Diverticulitis and appendicitis can both cause pain in your abdomen's right side.

Right-sided diverticulitis pain can be confused with the right-sided pain common in appendicitis.

While both conditions affect the colon, the causes and impact of diverticulitis vs. appendicitis are diverse.

Colon Anatomy

Your colon—also called the large intestine—is part of your digestive system. The colon removes water and some nutrients from the food and other substances left after processing in the small intestine. The colon forms the remaining material into stool and passes it to the rectum for removal through the anus.
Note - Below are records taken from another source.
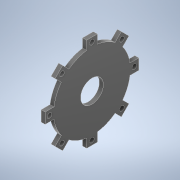
# Autodesk Inventor part: Gear_Box_Chasis_Divider
Saved by Autodesk Inventor 2022 (Build 260153000, 153)
## iProperties
Created: 2022-04-22
Part Number: Gear_Box_Chasis_Divider
Material: ABS Plastic
Document SubType Name: Modeling
Designer: Mlees
Density: 1.06 g/cm^3
Appearance: Smooth - Black
Author: Mlees
Autodesk Inventor part; units mm, degrees
ref_plane "YZ Plane" through (0, 0, 0) normal (1, 0, 0) x (0, 1, 0)
ref_plane "XZ Plane" through (0, 0, 0) normal (0, 1, 0) x (-1, 0, 0)
ref_plane "XY Plane" through (0, 0, 0) normal (0, 0, 1) x (1, 0, 0)
sketch "Sketch1" plane through (0, 0, 0) normal (1, 0, 0) x (0, 1, 0)
  circle A0 centre (0, 0) radius 8.5
  line L0 (28.3441, -4) -> (35, -4)
  line L1 (35, 4) -> (35, -4)
  line L2 (28.3441, 4) -> (35, 4)
  circle A1 centre (31.6721, 0) radius 1.7859
  line L3 (17.2139, 22.8708) -> (21.9203, 27.5772)
  line L4 (21.9203, 27.5772) -> (27.5772, 21.9203)
  circle A2 centre (22.3955, 22.3955) radius 1.7859
  line L5 (22.8708, 17.2139) -> (27.5772, 21.9203)
  line L6 (-4, 28.3441) -> (-4, 35)
  line L7 (-4, 35) -> (4, 35)
  circle A3 centre (0, 31.6721) radius 1.7859
  line L8 (4, 28.3441) -> (4, 35)
  line L9 (-22.8708, 17.2139) -> (-27.5772, 21.9203)
  line L10 (-27.5772, 21.9203) -> (-21.9203, 27.5772)
  circle A4 centre (-22.3955, 22.3955) radius 1.7859
  line L11 (-17.2139, 22.8708) -> (-21.9203, 27.5772)
  line L12 (-28.3441, -4) -> (-35, -4)
  line L13 (-35, -4) -> (-35, 4)
  circle A5 centre (-31.6721, 0) radius 1.7859
  line L14 (-28.3441, 4) -> (-35, 4)
  line L15 (-17.2139, -22.8708) -> (-21.9203, -27.5772)
  line L16 (-21.9203, -27.5772) -> (-27.5772, -21.9203)
  circle A6 centre (-22.3955, -22.3955) radius 1.7859
  line L17 (-22.8708, -17.2139) -> (-27.5772, -21.9203)
  line L18 (4, -28.3441) -> (4, -35)
  line L19 (4, -35) -> (-4, -35)
  circle A7 centre (0, -31.6721) radius 1.7859
  line L20 (-4, -28.3441) -> (-4, -35)
  line L21 (22.8708, -17.2139) -> (27.5772, -21.9203)
  line L22 (27.5772, -21.9203) -> (21.9203, -27.5772)
  circle A8 centre (22.3955, -22.3955) radius 1.7859
  line L23 (17.2139, -22.8708) -> (21.9203, -27.5772)
  arc A9 (22.8708, -17.2139) -> (28.3441, -4) centre (0, 0) ccw
  arc A10 (4, -28.3441) -> (17.2139, -22.8708) centre (0, 0) ccw
  arc A11 (-17.2139, -22.8708) -> (-4, -28.3441) centre (0, 0) ccw
  arc A12 (-28.3441, -4) -> (-22.8708, -17.2139) centre (0, 0) ccw
  arc A13 (-22.8708, 17.2139) -> (-28.3441, 4) centre (0, 0) ccw
  arc A14 (-4, 28.3441) -> (-17.2139, 22.8708) centre (0, 0) ccw
  arc A15 (28.3441, 4) -> (22.8708, 17.2139) centre (0, 0) ccw
  arc A16 (17.2139, 22.8708) -> (4, 28.3441) centre (0, 0) ccw
  dimension "d0" = 17
  dimension "d8" = 360
  constraints: 48 end point, 17 centre point, 16 point on circle, 2 coincident, 1 vertical, 73 other
  measures "d0" diameter of A0
extrude "Extrusion1" add sketch "Sketch1" along normal blind 3
body "Solid1"

The colon starts from an enlarged area at the end of the small intestine, called the cecum, and ends at the anus. The appendix is a small, fingerlike tube of intestinal tissue extending from the cecum on the lower right side of your abdomen.

After the cecum, the colon consists of the following five sections:

  • Ascending colon, or right colon (the first section of the colon)
  • Transverse colon (crosses the abdomen)
  • Descending colon (follows down the left abdomen toward the end of the colon)
  • Sigmoid colon (S-shaped, short curving of the colon at the end of the colon)
  • Rectum (last part of the digestive tract before the anus)

Causes Associated With Inflammation

Inflammation occurs when your body responds to a threat. The following causes can trigger this reaction in the intestine:

  • Enlarged tissue caused by infection by a virus, bacterium, or parasite
  • Tissue perforation
  • Hardened stool or growths that cause a blockage
  • Inflammatory bowel disease (inflammation of the lining of the digestive tract that leads to Crohn's disease or ulcerative colitis)
  • Intestinal tumor
  • Injury or trauma

Meckel's Diverticulum

Meckel's diverticulum is the most common congenital (present at birth) anomaly of the digestive system, affecting up to 4% of the population. The condition causes a small pouch to form in the wall of the intestine, near the point where the small and large intestines meet.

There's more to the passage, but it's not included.